→ **HOW TO COMPLETE THIS TASK**: From the data below, return the exact lines starting at the line containing "blk = doc.blocks.new('*D329')" and ending at the line containing "blk = doc.blocks.new('*D330')", both included, and nothing else.

- Opening Delimiter -

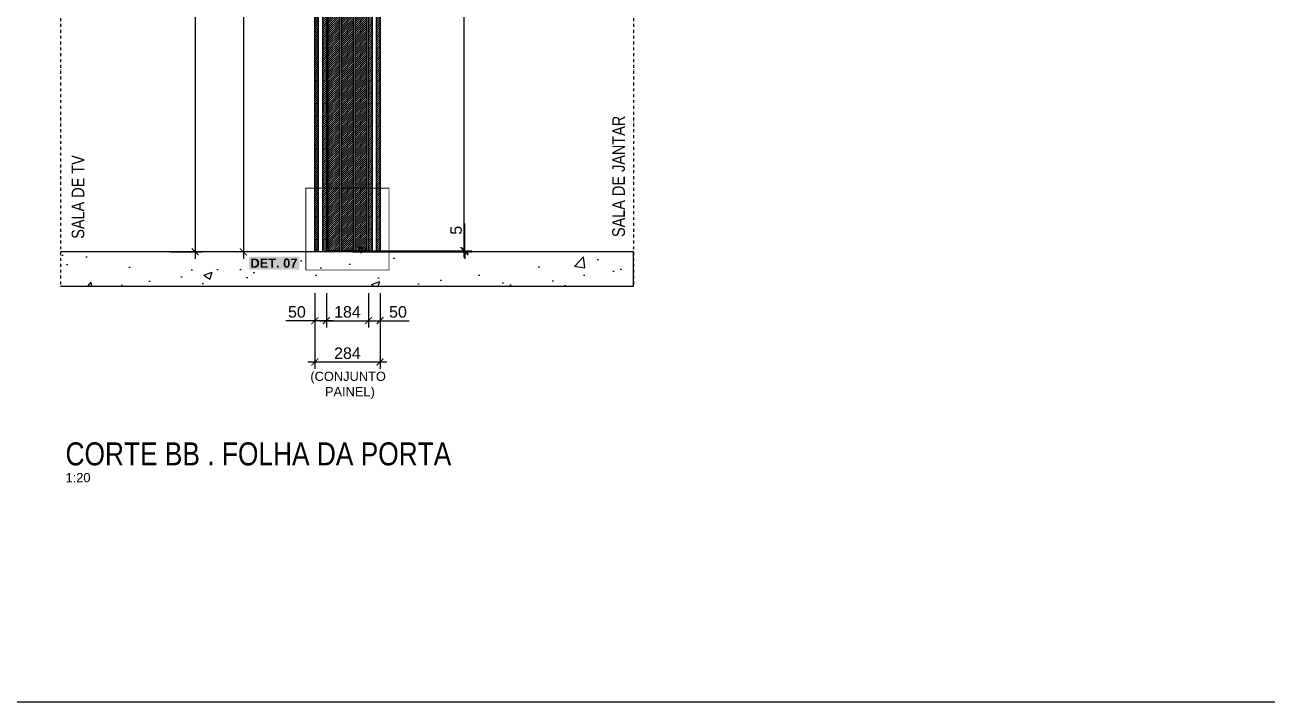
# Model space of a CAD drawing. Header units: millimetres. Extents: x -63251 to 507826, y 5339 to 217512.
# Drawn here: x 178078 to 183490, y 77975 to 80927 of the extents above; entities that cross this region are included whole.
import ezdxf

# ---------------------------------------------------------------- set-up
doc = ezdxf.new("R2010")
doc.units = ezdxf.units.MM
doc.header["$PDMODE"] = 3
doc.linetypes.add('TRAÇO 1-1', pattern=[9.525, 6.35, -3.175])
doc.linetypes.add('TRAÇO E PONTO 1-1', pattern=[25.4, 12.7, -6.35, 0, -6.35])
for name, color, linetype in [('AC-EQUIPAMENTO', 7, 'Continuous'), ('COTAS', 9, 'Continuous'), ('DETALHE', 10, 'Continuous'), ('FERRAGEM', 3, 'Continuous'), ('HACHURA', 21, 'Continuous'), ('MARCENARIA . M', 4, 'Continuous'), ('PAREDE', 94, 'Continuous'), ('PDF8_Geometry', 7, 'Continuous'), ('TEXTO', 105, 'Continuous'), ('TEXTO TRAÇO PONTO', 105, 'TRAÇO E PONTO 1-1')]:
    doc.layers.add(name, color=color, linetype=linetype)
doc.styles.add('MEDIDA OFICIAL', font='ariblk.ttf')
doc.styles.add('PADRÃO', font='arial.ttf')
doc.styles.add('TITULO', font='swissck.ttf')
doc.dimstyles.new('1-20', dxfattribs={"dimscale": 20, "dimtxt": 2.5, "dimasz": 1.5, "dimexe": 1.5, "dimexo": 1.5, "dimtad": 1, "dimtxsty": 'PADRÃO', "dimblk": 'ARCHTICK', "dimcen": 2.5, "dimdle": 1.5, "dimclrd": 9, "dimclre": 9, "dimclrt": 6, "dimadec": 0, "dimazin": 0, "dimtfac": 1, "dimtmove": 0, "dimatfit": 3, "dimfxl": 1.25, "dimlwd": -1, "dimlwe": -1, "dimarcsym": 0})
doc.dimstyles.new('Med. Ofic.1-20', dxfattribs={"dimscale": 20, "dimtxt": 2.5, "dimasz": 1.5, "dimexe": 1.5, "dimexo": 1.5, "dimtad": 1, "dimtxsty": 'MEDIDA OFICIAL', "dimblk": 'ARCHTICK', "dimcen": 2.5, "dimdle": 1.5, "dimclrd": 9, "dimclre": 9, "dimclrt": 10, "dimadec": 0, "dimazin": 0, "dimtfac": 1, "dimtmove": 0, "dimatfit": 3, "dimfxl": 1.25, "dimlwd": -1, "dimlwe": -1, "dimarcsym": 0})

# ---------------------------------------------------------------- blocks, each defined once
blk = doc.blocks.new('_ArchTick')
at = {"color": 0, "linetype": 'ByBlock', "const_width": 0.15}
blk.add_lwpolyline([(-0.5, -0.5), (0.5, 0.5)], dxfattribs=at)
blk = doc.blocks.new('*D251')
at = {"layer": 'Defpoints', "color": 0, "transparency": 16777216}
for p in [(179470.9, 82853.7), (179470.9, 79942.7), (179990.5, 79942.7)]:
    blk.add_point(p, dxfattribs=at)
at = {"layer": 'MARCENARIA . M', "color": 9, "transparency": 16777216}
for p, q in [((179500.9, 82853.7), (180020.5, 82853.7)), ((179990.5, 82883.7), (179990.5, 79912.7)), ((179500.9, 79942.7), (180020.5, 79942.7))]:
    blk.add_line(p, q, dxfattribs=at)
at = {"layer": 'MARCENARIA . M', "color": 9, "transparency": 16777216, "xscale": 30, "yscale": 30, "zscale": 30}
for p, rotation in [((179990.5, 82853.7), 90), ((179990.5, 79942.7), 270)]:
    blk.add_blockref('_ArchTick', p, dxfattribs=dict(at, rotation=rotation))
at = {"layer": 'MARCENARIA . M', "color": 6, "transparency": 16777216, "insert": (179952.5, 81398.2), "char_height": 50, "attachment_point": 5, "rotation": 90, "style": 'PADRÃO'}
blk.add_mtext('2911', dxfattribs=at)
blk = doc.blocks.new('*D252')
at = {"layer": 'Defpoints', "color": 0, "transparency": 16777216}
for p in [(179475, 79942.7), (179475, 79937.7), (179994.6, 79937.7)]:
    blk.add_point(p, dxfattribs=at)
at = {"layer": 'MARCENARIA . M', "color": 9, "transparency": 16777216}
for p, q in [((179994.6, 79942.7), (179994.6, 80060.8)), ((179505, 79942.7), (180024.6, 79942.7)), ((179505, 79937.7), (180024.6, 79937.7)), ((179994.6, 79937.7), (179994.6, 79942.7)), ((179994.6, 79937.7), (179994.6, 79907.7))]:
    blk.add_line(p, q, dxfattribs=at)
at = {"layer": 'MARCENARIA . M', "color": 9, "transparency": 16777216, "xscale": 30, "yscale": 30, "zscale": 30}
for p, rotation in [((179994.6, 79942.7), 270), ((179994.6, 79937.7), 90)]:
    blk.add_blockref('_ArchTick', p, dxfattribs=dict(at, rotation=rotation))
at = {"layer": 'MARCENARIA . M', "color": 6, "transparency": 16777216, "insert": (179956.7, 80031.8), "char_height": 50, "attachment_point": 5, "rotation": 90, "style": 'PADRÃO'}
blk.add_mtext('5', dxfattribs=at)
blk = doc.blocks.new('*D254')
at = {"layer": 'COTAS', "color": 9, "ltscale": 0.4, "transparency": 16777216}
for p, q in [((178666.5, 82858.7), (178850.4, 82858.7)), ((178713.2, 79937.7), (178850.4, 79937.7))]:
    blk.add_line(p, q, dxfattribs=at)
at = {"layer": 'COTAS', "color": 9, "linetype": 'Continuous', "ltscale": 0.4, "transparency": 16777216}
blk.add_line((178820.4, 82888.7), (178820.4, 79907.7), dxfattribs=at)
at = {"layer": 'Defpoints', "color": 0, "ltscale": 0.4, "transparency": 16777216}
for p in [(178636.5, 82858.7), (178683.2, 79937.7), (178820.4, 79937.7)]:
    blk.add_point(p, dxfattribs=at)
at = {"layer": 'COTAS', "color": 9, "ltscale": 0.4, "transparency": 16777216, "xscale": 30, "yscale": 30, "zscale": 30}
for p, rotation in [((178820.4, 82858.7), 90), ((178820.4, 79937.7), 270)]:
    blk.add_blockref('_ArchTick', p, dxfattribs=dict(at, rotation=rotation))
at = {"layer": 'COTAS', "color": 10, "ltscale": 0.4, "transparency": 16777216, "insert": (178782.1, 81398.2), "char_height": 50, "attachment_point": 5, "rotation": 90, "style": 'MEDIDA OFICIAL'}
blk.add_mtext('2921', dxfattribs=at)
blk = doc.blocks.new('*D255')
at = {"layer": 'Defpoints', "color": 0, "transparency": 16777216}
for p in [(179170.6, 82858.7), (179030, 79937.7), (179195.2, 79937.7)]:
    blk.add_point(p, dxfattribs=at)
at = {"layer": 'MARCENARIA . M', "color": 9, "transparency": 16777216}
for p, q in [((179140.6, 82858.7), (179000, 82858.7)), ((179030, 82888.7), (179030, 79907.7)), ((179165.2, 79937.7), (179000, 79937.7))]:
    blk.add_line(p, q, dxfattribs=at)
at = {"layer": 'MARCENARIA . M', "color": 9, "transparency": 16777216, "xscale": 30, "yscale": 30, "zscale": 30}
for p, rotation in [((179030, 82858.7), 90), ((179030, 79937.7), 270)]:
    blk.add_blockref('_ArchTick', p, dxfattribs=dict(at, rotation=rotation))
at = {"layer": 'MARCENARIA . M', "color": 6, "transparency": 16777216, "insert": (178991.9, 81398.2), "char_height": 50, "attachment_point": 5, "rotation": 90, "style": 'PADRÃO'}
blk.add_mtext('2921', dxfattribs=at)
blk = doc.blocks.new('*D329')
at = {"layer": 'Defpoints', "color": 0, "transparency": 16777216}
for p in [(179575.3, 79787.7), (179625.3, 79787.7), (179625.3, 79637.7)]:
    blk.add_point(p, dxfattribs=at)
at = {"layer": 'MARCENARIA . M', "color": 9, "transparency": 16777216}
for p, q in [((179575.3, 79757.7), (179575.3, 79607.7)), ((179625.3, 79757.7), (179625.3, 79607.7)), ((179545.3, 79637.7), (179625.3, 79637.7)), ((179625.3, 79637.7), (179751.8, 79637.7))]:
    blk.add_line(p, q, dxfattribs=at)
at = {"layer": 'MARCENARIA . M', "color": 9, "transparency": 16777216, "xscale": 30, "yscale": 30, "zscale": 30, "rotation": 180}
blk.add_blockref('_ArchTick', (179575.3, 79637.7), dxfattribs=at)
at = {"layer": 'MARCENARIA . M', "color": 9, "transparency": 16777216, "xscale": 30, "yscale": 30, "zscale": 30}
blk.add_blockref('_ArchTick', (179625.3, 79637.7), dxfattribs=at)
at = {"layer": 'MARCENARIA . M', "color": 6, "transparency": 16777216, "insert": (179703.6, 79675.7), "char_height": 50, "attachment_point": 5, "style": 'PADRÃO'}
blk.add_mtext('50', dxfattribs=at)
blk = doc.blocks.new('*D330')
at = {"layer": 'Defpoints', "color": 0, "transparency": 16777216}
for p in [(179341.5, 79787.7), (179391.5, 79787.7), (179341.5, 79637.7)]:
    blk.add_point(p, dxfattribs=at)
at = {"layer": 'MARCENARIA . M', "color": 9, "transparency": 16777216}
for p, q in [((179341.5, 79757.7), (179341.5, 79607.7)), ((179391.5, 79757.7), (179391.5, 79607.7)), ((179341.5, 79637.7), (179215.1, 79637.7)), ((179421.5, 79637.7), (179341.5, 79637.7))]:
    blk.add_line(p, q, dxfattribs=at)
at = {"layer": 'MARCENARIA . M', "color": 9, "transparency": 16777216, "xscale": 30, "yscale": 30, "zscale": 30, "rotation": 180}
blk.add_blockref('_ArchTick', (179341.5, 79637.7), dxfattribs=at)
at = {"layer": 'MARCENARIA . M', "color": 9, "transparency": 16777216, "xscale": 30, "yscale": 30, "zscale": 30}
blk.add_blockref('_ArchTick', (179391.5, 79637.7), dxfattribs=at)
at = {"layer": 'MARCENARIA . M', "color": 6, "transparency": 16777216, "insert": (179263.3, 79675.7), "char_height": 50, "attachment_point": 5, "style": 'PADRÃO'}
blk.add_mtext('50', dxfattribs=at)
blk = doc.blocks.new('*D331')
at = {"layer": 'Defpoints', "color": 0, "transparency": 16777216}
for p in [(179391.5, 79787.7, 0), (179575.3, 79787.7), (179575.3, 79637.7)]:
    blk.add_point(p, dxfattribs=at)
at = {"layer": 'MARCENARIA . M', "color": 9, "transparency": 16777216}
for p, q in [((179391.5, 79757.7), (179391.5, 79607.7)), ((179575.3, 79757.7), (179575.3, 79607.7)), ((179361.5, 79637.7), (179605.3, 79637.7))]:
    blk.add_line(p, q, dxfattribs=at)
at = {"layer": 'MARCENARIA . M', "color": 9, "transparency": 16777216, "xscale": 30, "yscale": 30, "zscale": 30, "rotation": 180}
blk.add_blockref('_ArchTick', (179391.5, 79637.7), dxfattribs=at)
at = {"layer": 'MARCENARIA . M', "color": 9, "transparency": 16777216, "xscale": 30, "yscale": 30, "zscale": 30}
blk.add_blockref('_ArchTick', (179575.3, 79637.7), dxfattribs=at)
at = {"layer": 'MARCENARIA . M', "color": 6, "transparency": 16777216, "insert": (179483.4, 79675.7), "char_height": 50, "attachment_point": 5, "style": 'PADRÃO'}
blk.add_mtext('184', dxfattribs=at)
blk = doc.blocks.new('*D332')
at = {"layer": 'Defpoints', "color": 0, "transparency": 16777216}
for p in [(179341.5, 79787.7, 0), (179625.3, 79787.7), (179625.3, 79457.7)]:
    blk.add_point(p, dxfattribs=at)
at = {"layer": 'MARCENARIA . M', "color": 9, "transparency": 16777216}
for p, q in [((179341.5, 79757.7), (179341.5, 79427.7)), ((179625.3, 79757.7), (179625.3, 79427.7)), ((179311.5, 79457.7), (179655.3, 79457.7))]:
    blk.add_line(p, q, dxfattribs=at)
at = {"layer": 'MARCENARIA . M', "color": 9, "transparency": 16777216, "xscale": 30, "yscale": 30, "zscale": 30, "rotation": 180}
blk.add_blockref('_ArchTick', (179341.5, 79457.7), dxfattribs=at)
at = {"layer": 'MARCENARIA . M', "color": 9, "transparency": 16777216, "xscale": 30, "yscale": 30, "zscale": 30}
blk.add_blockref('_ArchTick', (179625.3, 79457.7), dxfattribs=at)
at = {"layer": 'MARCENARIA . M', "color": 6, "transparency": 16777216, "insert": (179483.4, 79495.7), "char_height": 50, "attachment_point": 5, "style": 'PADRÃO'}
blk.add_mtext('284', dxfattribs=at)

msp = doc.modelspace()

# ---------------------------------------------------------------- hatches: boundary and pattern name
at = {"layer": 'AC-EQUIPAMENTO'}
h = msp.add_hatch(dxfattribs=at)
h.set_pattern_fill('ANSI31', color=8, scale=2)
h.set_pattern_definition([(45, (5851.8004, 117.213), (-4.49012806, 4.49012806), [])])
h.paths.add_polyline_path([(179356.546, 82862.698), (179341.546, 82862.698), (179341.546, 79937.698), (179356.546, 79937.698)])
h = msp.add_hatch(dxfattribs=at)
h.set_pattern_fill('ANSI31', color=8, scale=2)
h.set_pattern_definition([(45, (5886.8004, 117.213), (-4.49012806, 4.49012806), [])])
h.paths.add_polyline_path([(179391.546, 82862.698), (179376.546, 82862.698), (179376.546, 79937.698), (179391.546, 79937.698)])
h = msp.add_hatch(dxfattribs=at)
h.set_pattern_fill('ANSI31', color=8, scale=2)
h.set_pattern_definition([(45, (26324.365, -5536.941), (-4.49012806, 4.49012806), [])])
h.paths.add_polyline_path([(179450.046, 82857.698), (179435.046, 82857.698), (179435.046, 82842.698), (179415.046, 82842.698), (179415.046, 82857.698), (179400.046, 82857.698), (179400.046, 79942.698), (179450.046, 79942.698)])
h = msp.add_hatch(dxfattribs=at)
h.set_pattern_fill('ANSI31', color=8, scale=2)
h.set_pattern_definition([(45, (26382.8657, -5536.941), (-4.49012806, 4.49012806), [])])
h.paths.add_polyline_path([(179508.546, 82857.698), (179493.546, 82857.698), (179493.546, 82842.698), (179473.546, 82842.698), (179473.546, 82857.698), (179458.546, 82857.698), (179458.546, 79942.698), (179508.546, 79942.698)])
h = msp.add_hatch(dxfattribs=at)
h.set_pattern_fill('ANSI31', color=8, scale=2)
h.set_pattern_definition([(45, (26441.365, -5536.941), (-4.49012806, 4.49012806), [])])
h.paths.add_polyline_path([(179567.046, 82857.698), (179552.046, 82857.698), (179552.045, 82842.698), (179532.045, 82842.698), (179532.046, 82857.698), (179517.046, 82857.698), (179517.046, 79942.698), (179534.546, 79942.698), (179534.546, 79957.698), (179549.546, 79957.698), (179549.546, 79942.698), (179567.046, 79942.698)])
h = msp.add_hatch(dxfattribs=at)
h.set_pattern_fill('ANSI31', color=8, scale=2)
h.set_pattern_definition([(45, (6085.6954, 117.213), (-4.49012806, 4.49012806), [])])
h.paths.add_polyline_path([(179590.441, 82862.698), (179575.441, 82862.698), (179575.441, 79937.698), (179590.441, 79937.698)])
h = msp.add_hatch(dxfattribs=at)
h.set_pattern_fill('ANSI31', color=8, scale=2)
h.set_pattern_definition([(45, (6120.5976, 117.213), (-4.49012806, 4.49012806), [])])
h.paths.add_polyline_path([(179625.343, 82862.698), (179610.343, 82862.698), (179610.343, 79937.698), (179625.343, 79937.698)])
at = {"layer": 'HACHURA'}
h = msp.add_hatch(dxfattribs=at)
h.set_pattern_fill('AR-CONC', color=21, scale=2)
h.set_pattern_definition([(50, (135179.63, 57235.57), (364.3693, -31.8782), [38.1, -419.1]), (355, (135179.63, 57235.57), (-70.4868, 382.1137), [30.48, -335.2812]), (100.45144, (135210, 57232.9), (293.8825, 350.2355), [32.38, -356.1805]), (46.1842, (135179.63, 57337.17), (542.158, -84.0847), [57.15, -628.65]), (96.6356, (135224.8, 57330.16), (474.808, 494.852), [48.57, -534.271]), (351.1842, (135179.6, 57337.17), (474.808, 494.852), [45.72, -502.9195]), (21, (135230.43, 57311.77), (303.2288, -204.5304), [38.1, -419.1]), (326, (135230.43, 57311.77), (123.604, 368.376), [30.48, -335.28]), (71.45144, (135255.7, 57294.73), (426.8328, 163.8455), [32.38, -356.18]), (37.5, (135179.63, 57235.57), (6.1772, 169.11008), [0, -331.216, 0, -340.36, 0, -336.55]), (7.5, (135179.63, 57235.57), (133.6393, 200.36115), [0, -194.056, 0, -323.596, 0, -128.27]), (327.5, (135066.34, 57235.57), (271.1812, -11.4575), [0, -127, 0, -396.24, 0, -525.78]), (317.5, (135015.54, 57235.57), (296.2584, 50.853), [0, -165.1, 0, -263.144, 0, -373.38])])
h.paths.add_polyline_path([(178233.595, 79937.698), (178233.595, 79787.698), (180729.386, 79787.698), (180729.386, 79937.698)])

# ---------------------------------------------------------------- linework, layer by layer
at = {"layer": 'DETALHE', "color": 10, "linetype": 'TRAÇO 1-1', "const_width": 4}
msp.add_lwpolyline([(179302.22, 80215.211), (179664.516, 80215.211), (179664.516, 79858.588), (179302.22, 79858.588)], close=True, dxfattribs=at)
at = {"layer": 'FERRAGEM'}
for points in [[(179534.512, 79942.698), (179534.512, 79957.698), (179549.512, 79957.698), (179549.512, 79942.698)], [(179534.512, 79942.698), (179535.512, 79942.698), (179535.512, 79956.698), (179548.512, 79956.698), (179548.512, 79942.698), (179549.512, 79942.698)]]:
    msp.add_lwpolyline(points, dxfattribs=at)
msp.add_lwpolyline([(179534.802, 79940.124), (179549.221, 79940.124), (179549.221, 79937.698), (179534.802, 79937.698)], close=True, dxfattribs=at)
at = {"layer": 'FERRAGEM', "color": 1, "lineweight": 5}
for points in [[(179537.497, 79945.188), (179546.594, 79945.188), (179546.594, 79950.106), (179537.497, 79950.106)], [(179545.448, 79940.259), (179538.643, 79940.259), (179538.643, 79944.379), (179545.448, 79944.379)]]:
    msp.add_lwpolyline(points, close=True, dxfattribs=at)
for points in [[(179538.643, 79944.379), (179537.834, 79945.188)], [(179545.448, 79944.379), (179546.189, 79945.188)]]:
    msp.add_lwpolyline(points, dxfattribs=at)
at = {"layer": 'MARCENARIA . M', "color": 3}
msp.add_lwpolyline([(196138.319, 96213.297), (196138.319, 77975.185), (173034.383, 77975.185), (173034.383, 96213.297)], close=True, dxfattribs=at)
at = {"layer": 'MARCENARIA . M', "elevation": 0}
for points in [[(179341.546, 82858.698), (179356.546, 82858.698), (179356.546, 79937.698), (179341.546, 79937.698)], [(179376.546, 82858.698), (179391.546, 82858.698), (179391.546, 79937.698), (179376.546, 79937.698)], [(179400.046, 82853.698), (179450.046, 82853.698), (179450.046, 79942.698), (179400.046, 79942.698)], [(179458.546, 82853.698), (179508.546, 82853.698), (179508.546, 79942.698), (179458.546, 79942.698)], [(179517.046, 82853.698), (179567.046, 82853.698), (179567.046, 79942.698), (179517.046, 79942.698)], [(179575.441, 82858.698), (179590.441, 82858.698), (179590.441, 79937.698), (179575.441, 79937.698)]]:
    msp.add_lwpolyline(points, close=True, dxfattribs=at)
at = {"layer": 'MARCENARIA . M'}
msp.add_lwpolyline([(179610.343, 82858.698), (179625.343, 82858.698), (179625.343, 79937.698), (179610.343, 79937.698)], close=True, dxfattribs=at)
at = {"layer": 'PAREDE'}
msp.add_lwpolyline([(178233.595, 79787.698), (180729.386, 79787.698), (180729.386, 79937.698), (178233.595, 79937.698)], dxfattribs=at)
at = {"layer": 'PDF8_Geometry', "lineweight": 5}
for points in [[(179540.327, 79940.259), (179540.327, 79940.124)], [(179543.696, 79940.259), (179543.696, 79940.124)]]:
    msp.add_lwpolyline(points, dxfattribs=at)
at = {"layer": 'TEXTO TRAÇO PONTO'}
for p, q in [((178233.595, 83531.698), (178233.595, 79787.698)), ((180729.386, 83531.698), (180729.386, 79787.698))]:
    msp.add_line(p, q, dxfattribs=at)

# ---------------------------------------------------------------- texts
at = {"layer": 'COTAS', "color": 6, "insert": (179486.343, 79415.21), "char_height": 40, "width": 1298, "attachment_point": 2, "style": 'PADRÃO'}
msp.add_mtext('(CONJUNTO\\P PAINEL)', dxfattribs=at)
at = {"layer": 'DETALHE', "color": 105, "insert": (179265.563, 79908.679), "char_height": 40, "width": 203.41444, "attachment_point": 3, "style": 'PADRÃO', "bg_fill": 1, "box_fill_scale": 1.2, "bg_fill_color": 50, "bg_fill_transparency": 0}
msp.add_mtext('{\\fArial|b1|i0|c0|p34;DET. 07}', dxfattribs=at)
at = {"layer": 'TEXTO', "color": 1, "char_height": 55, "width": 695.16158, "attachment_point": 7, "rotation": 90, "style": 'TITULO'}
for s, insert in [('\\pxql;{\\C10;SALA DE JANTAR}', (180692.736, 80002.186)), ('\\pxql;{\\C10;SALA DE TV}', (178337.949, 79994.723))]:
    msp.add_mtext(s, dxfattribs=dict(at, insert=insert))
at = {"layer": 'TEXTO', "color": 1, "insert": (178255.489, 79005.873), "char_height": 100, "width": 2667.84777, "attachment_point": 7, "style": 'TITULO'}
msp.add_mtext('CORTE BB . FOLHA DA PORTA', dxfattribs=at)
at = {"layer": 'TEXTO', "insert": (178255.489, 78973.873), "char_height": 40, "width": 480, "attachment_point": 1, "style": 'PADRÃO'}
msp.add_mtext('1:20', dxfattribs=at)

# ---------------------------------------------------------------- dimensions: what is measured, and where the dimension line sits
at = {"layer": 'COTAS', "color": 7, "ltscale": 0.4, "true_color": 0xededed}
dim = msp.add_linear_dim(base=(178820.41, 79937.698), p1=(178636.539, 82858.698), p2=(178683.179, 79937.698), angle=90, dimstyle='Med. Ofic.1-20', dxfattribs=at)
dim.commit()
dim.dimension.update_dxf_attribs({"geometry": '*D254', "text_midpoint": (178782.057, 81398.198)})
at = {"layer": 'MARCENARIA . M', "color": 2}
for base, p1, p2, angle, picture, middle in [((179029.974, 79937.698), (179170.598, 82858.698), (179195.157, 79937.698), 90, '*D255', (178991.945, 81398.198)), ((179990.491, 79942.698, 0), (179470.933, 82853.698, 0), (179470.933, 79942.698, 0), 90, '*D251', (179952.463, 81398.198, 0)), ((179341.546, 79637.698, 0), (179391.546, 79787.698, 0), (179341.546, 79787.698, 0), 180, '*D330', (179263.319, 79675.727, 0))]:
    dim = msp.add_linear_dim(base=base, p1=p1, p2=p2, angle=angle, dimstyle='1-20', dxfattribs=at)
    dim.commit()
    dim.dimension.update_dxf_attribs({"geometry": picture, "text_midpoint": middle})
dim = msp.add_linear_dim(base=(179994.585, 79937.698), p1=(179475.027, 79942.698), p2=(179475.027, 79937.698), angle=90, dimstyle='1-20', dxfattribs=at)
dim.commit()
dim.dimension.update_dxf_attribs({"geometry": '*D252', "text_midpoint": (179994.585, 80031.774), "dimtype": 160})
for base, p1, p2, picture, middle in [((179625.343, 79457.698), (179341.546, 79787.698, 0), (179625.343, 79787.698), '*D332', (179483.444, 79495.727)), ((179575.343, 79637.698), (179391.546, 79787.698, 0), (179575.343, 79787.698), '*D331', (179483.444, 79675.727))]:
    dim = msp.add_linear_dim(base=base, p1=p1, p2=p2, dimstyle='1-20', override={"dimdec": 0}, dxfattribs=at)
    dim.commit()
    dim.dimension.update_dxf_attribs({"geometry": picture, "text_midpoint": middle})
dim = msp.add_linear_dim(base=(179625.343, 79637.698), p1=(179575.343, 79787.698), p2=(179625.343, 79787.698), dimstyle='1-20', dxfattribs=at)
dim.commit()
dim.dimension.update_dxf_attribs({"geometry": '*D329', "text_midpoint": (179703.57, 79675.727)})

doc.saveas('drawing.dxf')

- Closing Delimiter -

→ **ANSWER FOR THIS EXERCISE**:
blk = doc.blocks.new('*D329')
at = {"layer": 'Defpoints', "color": 0, "transparency": 16777216}
for p in [(179575.3, 79787.7), (179625.3, 79787.7), (179625.3, 79637.7)]:
    blk.add_point(p, dxfattribs=at)
at = {"layer": 'MARCENARIA . M', "color": 9, "transparency": 16777216}
for p, q in [((179575.3, 79757.7), (179575.3, 79607.7)), ((179625.3, 79757.7), (179625.3, 79607.7)), ((179545.3, 79637.7), (179625.3, 79637.7)), ((179625.3, 79637.7), (179751.8, 79637.7))]:
    blk.add_line(p, q, dxfattribs=at)
at = {"layer": 'MARCENARIA . M', "color": 9, "transparency": 16777216, "xscale": 30, "yscale": 30, "zscale": 30, "rotation": 180}
blk.add_blockref('_ArchTick', (179575.3, 79637.7), dxfattribs=at)
at = {"layer": 'MARCENARIA . M', "color": 9, "transparency": 16777216, "xscale": 30, "yscale": 30, "zscale": 30}
blk.add_blockref('_ArchTick', (179625.3, 79637.7), dxfattribs=at)
at = {"layer": 'MARCENARIA . M', "color": 6, "transparency": 16777216, "insert": (179703.6, 79675.7), "char_height": 50, "attachment_point": 5, "style": 'PADRÃO'}
blk.add_mtext('50', dxfattribs=at)
blk = doc.blocks.new('*D330')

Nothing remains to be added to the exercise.